Я ведь подружился с Евгением Борисовичем, в гости к нему ходил, он мне книги давал читать. А все равно только лет через десять после школы понял, что он учил нас не тому, о чем говорил, а гораздо большему. Биолог, тот только про тычинки и пестики твердил, да про происхождение человека от обезьяны. А ведь природа — это раскрытая книга творения! Читай и изумляйся.
— Скажите, а где таких учителей выпускают?
— Нигде не выпускают. Учитель сам должен учиться и от своего огня другие огни зажигать.

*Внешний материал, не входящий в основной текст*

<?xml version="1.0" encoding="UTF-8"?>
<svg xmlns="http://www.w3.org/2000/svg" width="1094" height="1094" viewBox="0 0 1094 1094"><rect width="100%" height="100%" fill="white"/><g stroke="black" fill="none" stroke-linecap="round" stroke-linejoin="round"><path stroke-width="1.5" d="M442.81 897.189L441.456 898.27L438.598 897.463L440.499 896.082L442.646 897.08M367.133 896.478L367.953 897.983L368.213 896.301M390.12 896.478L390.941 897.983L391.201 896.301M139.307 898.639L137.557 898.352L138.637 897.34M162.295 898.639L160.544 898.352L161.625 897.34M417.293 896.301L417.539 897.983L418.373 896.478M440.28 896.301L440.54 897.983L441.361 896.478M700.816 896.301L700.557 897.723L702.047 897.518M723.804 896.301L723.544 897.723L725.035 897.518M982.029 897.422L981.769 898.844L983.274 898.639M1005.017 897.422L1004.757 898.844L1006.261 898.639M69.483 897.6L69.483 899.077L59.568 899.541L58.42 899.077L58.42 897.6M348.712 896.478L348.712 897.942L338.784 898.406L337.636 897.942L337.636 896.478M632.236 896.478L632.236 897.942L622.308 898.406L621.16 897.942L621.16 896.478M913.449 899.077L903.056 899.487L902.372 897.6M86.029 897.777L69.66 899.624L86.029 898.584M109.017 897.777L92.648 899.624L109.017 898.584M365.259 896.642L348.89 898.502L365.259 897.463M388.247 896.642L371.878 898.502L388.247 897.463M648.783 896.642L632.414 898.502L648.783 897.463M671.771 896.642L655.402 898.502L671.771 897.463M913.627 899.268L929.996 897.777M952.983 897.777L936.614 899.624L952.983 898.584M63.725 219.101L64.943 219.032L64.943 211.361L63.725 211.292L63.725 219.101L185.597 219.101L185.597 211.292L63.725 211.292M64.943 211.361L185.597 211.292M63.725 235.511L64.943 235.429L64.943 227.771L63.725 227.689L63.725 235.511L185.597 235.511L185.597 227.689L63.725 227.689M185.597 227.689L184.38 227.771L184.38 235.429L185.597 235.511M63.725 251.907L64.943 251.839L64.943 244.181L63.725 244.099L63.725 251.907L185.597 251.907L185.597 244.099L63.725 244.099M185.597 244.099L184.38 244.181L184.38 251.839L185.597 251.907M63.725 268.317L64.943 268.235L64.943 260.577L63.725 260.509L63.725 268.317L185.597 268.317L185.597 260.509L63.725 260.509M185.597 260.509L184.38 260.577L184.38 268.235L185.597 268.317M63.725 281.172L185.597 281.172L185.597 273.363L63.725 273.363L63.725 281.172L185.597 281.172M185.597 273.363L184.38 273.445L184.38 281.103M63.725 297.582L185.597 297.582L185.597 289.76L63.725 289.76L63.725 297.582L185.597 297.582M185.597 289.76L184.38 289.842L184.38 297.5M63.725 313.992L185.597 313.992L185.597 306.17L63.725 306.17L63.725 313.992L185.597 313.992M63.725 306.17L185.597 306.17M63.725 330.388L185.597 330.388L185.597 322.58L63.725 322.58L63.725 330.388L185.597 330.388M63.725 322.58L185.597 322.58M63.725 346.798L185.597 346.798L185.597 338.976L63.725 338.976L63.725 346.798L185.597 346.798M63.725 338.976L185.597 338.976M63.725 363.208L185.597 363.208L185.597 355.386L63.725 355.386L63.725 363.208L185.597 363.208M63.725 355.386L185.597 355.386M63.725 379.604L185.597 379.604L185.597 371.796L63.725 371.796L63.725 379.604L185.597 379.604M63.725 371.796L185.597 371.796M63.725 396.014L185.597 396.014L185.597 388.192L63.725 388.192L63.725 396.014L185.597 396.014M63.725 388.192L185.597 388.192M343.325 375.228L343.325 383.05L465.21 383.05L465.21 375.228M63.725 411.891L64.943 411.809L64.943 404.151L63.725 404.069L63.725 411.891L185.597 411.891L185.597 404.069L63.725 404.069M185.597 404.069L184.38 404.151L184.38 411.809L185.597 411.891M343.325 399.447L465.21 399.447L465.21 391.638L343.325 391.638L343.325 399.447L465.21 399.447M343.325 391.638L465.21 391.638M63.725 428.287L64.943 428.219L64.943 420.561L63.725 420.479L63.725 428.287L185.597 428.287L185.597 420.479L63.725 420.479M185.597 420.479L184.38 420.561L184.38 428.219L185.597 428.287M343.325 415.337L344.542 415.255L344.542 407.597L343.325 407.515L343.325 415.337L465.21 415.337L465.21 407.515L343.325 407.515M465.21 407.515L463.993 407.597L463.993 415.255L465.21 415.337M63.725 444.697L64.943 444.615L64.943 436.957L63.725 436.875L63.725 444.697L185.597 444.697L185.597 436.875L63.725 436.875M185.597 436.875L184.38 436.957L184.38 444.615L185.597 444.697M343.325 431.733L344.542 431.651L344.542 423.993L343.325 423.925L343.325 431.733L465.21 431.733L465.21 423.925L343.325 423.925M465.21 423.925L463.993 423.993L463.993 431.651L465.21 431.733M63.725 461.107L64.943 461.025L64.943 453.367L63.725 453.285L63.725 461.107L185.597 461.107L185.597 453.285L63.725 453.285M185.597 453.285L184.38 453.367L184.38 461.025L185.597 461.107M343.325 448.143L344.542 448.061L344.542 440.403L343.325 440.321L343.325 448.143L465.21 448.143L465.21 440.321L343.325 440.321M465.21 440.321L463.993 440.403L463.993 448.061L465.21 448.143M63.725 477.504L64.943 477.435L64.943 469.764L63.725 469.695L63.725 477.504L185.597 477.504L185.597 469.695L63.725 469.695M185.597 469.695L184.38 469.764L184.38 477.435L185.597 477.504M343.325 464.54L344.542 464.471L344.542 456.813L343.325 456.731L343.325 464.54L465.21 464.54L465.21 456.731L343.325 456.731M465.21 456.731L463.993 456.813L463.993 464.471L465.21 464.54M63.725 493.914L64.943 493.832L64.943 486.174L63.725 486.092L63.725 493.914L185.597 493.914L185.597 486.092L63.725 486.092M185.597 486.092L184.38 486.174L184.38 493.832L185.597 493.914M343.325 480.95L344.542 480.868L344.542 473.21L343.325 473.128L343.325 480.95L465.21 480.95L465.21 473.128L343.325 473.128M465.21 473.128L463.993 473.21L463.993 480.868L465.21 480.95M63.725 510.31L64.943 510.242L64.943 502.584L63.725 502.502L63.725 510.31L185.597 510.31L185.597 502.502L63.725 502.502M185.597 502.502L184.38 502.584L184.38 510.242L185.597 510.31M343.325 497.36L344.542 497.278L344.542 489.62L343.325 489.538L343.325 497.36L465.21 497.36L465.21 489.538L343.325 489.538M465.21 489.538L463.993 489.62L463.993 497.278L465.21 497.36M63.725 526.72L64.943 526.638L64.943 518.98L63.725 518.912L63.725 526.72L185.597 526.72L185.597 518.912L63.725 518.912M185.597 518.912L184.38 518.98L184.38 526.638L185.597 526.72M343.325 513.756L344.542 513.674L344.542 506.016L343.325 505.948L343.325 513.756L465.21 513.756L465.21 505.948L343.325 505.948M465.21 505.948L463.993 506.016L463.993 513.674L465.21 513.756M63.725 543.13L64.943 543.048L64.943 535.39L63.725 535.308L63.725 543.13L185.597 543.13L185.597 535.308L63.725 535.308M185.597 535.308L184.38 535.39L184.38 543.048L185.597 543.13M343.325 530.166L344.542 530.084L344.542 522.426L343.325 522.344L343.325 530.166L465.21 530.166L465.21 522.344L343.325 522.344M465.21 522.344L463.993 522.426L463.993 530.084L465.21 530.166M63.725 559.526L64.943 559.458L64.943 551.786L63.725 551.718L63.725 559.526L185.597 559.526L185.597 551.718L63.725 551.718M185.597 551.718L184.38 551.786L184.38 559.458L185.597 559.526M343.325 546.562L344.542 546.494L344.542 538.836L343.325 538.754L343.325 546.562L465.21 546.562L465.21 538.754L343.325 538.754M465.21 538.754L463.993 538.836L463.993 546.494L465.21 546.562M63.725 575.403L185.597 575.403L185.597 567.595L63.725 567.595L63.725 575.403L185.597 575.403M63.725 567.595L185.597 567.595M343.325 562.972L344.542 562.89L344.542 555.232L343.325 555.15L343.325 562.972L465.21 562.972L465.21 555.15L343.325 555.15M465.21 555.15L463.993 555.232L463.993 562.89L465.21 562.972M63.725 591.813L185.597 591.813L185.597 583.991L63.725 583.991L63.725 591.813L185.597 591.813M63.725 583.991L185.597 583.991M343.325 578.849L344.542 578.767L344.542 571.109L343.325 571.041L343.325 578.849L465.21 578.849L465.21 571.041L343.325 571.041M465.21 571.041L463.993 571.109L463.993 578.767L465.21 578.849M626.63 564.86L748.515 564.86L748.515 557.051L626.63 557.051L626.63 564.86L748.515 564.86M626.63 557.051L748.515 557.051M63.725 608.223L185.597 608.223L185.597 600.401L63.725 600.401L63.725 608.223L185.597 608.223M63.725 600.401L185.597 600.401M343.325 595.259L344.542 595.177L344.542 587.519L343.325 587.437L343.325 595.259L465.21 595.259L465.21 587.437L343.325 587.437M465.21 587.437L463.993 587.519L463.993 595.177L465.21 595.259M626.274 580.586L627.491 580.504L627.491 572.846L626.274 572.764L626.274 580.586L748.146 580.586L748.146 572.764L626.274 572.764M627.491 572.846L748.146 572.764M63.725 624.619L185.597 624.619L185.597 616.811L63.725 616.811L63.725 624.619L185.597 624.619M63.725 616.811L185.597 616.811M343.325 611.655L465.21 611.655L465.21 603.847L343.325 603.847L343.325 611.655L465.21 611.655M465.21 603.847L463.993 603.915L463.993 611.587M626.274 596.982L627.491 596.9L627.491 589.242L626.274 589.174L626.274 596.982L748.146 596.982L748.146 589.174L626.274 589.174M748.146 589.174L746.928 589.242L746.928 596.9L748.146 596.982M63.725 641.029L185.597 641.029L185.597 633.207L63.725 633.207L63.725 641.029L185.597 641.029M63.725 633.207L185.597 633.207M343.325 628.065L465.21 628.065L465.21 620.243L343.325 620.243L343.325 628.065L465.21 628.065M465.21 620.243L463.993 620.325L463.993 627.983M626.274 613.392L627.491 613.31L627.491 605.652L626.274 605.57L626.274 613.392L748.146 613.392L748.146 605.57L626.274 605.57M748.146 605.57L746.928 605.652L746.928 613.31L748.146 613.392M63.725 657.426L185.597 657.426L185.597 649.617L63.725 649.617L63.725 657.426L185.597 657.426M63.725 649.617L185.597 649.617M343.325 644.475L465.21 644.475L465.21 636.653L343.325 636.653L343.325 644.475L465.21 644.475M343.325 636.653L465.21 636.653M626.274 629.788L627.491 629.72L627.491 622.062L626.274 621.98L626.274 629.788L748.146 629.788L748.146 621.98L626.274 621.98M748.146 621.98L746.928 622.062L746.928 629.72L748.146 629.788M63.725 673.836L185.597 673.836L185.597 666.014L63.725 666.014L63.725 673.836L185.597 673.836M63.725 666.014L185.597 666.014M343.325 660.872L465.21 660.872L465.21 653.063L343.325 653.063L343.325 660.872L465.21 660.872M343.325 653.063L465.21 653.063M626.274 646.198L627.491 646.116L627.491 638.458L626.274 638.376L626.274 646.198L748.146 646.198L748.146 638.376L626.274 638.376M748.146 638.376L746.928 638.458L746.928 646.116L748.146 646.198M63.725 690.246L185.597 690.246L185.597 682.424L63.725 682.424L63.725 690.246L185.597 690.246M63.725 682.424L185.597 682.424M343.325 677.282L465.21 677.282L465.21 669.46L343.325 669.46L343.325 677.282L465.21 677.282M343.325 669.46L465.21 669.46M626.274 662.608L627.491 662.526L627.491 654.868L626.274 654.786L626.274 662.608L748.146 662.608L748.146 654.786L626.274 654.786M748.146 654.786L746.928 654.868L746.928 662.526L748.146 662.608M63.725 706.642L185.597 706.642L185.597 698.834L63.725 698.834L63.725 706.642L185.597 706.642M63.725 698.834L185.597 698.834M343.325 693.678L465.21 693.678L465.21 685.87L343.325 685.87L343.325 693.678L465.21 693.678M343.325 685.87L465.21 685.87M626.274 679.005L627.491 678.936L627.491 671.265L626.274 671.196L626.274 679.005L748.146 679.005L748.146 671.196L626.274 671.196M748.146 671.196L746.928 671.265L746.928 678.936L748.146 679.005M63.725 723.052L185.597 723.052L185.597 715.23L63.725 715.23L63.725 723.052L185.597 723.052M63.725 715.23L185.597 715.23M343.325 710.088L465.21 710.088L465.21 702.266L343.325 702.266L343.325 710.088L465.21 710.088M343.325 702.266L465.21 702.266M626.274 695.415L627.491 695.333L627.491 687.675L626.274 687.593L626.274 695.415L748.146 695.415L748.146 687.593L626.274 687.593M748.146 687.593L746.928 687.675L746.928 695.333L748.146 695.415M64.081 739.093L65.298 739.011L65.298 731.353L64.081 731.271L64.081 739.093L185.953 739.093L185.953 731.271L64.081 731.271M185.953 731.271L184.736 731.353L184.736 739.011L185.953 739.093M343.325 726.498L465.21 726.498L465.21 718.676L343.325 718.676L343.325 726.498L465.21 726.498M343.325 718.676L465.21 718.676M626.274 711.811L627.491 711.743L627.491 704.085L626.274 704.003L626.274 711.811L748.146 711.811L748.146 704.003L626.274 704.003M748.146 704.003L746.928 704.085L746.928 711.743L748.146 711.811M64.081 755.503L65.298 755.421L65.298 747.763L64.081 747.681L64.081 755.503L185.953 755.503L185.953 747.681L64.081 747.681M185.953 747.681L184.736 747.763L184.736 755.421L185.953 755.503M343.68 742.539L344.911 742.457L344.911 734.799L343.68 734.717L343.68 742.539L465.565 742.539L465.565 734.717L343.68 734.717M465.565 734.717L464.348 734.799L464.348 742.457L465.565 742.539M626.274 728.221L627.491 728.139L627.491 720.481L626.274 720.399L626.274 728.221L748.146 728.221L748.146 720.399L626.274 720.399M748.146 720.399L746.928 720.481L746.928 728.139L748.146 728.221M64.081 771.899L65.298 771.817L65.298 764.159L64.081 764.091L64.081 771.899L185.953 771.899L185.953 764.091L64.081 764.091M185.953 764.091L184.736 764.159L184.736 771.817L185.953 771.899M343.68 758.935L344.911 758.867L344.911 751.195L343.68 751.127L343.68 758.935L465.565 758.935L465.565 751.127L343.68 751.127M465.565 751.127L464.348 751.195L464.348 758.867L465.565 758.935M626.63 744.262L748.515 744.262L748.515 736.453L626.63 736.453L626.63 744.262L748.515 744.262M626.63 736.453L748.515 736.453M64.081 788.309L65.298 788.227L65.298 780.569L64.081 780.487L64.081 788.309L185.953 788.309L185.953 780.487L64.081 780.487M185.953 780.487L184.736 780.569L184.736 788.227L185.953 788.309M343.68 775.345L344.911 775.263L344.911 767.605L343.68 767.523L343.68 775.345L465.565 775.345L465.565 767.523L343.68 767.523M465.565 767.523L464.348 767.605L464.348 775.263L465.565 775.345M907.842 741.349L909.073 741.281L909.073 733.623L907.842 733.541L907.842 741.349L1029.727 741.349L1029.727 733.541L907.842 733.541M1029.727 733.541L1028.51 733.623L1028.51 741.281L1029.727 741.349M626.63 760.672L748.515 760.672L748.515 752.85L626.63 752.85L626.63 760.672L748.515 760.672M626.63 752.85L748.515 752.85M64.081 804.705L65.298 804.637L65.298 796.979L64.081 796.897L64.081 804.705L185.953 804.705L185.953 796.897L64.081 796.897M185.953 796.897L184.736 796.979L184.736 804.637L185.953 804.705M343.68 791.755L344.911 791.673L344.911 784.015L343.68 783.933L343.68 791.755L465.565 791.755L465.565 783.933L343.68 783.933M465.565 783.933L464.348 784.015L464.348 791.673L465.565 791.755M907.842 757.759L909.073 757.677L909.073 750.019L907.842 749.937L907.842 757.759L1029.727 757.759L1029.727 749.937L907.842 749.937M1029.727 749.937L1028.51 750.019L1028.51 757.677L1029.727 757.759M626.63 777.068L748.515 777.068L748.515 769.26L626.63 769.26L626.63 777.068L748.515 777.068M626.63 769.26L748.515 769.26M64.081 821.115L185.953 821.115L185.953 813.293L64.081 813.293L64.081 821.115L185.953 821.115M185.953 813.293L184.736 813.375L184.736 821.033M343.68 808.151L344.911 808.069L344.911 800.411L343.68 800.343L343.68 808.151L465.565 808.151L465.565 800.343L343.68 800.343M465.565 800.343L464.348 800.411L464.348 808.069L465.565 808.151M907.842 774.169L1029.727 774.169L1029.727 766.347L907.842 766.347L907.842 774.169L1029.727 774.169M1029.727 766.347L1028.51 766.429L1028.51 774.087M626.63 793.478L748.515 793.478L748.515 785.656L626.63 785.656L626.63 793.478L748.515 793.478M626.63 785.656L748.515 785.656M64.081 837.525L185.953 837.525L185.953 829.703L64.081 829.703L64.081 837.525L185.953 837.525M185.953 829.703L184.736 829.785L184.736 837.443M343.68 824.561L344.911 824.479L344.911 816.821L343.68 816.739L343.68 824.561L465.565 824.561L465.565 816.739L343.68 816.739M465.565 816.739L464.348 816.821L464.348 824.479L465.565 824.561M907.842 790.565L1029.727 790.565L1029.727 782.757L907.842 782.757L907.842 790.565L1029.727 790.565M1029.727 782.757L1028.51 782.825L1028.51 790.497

Прежде чем познать Господа как Спасителя и Судию, Его знали как Учителя. Понимаете? Учитель, в идеале, — это лучик от Христа. Христос — Солнце, а учитель — лучик. Вы не учитель, случайно?
— Я? Нет, я не учитель. Но у меня детей трое, и эта тема мне небезразлична. Кстати, и машина у меня — «Субару».
Мы еще долго говорили, и я услышал много таких вещей, о существовании которых даже не подозревал. Мы и телефонами обменялись. Только жаль, что монах тот (Пименом его звали) не из нашей страны. Так что видеть его с тех пор мне больше не приходилось.
Рассказать об этой истории меня заставило следующее обстоятельство. В нашей школе, то есть там, где мои дети учатся, в учебную программу решили ввести Закон Божий. Родители разделились на три части. Одни шумят «против», другие — «за», третьи безразлично отмалчиваются. Я сам — «за». Меня в школе Библию читать не научили, так пусть детей моих научат.
Я хоть и много лет в церковь хожу и пощусь, и причащаюсь, но в музеях до сих пор иногда перед картиной на библейскую тему стою в недоумении. То ли это «Юдифь с Олоферном», то ли это «Иосиф убегает от госпожи» — не знаю. Только «Жертвоприношение Авраама» узнаю безошибочно. Стыдно. Стыдно не знать ни корней, ни основ на пятом десятке. Поэтому я за то, чтобы мои дети знали Бога и учили Его Закон.
И тот разговор с отцом Пименом в самолете тоже этой темы касается. Ради этого я и решился сесть и записать то, что память удержала. Давайте, учителя и родители, вместе думать, что и как нам сделать, чтобы Господь Бог к сердцам наших детей прикоснулся.